DATA RECORDS

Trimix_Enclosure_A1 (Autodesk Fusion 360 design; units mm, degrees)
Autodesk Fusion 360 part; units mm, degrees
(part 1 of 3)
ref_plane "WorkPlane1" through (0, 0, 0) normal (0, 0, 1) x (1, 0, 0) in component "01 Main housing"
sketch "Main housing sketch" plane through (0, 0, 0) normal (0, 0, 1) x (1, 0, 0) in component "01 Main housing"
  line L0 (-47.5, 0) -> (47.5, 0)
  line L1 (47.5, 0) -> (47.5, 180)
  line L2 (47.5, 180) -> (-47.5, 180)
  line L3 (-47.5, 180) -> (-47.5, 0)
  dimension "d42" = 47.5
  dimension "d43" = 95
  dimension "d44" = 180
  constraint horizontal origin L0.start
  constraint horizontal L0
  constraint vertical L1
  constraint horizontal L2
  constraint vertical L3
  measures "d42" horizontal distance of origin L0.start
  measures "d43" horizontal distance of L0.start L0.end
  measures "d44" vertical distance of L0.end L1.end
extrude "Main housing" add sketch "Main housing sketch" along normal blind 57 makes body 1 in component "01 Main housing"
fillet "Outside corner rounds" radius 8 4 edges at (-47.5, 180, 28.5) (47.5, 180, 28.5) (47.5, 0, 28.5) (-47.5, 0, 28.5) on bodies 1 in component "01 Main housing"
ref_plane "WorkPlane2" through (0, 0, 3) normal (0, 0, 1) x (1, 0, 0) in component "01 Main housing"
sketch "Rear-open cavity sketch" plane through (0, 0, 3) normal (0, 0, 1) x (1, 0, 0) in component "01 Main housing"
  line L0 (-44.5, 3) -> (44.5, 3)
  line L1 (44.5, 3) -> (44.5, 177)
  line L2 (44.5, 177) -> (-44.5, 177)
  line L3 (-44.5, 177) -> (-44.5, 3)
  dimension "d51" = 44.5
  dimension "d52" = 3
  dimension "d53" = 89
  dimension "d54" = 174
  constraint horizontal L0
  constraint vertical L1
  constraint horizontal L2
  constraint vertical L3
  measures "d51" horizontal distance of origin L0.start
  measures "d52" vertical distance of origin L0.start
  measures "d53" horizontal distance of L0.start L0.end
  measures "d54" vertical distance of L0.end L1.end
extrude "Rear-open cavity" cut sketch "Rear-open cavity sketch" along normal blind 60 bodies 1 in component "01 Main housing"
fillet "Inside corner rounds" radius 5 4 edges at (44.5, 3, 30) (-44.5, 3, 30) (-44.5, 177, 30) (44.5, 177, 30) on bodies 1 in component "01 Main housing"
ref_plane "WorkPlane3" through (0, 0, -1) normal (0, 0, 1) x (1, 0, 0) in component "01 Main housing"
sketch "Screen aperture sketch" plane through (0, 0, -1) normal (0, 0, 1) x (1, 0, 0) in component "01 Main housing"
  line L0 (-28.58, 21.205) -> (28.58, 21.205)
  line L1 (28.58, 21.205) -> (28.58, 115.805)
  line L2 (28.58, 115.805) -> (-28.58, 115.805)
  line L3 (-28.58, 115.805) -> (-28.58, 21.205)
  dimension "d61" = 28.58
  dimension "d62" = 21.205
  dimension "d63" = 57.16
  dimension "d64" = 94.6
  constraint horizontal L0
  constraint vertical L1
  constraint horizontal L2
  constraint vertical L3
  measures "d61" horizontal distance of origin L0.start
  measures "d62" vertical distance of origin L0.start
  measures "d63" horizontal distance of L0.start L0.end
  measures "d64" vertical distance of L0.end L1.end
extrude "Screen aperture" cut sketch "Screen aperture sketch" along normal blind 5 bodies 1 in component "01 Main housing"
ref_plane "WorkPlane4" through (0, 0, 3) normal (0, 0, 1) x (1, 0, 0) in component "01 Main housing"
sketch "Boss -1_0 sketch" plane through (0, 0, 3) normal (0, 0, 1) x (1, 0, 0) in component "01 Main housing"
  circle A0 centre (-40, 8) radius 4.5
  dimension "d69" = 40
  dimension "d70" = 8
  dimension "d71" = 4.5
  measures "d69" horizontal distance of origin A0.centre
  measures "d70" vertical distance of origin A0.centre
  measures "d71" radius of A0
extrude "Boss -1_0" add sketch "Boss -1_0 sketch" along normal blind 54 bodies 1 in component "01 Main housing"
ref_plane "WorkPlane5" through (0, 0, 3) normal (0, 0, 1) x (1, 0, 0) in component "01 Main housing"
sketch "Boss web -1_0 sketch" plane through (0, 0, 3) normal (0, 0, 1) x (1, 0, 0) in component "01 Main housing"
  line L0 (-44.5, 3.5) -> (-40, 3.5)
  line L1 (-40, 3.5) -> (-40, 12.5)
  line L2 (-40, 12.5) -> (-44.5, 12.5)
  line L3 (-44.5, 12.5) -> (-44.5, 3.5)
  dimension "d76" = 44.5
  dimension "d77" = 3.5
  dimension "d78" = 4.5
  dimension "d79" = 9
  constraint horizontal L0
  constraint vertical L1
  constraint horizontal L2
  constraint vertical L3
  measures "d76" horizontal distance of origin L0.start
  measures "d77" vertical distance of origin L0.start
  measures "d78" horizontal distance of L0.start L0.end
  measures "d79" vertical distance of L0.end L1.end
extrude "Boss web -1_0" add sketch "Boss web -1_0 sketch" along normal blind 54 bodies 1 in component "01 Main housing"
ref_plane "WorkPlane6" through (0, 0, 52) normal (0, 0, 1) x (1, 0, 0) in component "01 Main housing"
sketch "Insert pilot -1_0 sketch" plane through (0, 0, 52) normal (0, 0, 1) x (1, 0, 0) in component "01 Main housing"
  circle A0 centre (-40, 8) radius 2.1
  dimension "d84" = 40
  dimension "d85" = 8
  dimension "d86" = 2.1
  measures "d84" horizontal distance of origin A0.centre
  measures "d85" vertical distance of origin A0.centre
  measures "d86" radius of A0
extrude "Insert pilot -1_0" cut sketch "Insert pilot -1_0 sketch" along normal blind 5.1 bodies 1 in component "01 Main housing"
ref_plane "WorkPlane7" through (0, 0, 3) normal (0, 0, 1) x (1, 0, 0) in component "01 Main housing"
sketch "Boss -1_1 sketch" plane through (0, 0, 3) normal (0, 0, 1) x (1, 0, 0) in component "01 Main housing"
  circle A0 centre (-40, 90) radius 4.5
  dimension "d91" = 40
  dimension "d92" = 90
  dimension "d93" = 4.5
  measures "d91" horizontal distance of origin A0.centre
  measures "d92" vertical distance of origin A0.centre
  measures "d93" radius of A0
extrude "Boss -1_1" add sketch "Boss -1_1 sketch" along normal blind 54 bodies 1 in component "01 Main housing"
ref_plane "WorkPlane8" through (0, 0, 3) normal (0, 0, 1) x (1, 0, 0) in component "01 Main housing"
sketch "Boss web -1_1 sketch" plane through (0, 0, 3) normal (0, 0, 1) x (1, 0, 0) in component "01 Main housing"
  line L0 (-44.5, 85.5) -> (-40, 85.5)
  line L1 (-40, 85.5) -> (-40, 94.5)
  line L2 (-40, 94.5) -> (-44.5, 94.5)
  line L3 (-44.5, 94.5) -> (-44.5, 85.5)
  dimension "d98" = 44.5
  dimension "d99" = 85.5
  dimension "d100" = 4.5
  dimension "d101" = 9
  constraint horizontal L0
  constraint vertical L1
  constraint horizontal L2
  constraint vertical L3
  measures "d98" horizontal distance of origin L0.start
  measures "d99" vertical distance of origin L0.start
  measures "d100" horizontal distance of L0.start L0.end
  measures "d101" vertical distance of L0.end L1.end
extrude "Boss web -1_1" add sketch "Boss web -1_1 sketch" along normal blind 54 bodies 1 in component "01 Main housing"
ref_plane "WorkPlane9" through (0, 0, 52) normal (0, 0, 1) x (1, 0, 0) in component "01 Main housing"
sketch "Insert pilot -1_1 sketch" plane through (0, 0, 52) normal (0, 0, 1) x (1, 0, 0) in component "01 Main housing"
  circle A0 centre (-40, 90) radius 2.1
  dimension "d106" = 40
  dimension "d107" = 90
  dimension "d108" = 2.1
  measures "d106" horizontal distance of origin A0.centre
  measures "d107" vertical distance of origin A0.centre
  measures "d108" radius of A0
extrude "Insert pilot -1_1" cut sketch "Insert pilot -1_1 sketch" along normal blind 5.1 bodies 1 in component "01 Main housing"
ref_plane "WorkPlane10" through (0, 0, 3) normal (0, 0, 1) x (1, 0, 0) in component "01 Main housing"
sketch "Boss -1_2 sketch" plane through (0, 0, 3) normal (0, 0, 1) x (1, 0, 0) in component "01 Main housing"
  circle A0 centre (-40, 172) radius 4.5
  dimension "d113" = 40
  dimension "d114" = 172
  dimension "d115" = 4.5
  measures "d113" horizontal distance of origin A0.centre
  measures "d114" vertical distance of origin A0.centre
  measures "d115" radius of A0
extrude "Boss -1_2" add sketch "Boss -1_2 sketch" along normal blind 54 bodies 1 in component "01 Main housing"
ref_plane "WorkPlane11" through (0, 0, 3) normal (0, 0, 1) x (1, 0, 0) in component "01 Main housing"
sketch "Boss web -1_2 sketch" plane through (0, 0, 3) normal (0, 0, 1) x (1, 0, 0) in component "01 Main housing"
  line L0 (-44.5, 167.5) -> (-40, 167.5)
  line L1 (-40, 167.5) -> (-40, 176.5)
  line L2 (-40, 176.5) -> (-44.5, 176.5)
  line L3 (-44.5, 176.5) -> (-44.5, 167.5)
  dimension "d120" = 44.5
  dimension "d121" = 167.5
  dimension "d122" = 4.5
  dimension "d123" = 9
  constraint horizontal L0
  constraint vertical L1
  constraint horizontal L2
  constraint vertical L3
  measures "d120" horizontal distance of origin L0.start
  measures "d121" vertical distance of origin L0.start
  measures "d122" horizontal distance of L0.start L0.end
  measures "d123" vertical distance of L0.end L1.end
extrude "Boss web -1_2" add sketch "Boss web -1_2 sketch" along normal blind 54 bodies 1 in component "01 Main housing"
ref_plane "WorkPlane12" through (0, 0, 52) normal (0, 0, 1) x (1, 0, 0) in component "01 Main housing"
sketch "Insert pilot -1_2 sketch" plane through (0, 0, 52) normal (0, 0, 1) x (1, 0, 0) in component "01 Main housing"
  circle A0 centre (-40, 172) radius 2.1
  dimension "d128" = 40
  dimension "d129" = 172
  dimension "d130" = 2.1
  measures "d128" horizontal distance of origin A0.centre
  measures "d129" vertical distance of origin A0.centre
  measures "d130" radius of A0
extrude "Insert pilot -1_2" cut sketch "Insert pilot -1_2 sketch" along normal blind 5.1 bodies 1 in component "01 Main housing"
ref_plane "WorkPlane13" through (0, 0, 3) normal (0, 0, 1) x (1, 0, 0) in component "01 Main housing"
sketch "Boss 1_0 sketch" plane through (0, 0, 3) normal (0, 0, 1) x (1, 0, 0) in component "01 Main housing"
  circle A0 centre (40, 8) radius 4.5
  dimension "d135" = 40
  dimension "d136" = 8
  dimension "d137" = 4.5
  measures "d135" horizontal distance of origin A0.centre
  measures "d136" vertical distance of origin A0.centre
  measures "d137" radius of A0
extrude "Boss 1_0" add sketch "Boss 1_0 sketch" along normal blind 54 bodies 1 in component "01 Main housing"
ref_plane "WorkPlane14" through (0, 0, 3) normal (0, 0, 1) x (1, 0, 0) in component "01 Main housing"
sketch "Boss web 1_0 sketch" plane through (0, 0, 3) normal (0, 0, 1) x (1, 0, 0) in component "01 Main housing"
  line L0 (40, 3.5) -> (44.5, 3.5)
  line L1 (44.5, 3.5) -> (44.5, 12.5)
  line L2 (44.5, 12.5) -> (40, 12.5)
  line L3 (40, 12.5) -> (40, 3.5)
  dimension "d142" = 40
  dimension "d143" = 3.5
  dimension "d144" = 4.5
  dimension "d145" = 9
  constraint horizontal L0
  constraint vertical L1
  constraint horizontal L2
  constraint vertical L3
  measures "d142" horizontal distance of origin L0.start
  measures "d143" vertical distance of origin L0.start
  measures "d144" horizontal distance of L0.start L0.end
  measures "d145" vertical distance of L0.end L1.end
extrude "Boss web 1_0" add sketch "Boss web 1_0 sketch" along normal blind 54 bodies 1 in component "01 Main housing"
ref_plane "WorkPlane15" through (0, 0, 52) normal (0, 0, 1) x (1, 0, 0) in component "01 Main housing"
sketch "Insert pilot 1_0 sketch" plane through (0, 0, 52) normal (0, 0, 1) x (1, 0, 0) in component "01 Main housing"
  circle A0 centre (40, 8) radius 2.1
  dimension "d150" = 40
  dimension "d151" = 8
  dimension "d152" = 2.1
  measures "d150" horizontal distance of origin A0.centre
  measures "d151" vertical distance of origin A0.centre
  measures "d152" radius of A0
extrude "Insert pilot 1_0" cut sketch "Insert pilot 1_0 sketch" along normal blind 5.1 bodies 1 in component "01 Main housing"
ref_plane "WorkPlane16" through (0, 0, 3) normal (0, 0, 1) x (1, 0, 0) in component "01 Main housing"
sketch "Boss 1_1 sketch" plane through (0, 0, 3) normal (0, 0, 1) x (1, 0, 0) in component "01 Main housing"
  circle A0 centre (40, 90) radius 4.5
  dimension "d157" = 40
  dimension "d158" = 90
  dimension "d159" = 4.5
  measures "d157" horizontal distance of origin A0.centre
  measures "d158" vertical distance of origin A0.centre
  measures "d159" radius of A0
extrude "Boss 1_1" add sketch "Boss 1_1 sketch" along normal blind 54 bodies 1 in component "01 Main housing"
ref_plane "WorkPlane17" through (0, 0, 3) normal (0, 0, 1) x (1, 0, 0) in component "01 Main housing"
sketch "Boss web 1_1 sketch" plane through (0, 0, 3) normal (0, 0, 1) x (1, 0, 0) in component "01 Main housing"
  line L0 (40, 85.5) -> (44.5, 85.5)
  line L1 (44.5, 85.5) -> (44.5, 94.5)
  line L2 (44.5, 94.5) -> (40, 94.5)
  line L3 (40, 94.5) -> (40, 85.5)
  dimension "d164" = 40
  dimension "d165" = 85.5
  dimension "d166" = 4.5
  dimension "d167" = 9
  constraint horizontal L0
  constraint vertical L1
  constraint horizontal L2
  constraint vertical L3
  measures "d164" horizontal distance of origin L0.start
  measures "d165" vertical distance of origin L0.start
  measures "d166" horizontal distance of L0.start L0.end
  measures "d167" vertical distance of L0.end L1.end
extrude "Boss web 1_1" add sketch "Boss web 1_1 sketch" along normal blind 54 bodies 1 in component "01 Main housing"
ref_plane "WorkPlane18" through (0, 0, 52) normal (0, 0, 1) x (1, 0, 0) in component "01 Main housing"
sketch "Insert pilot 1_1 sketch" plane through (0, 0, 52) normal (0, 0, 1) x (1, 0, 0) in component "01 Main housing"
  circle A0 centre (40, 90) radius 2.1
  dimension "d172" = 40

WHAT IS REQUIRED
List every line above that holds the word "units".

RESPONSE AREA
Trimix_Enclosure_A1 (Autodesk Fusion 360 design; units mm, degrees)
Autodesk Fusion 360 part; units mm, degrees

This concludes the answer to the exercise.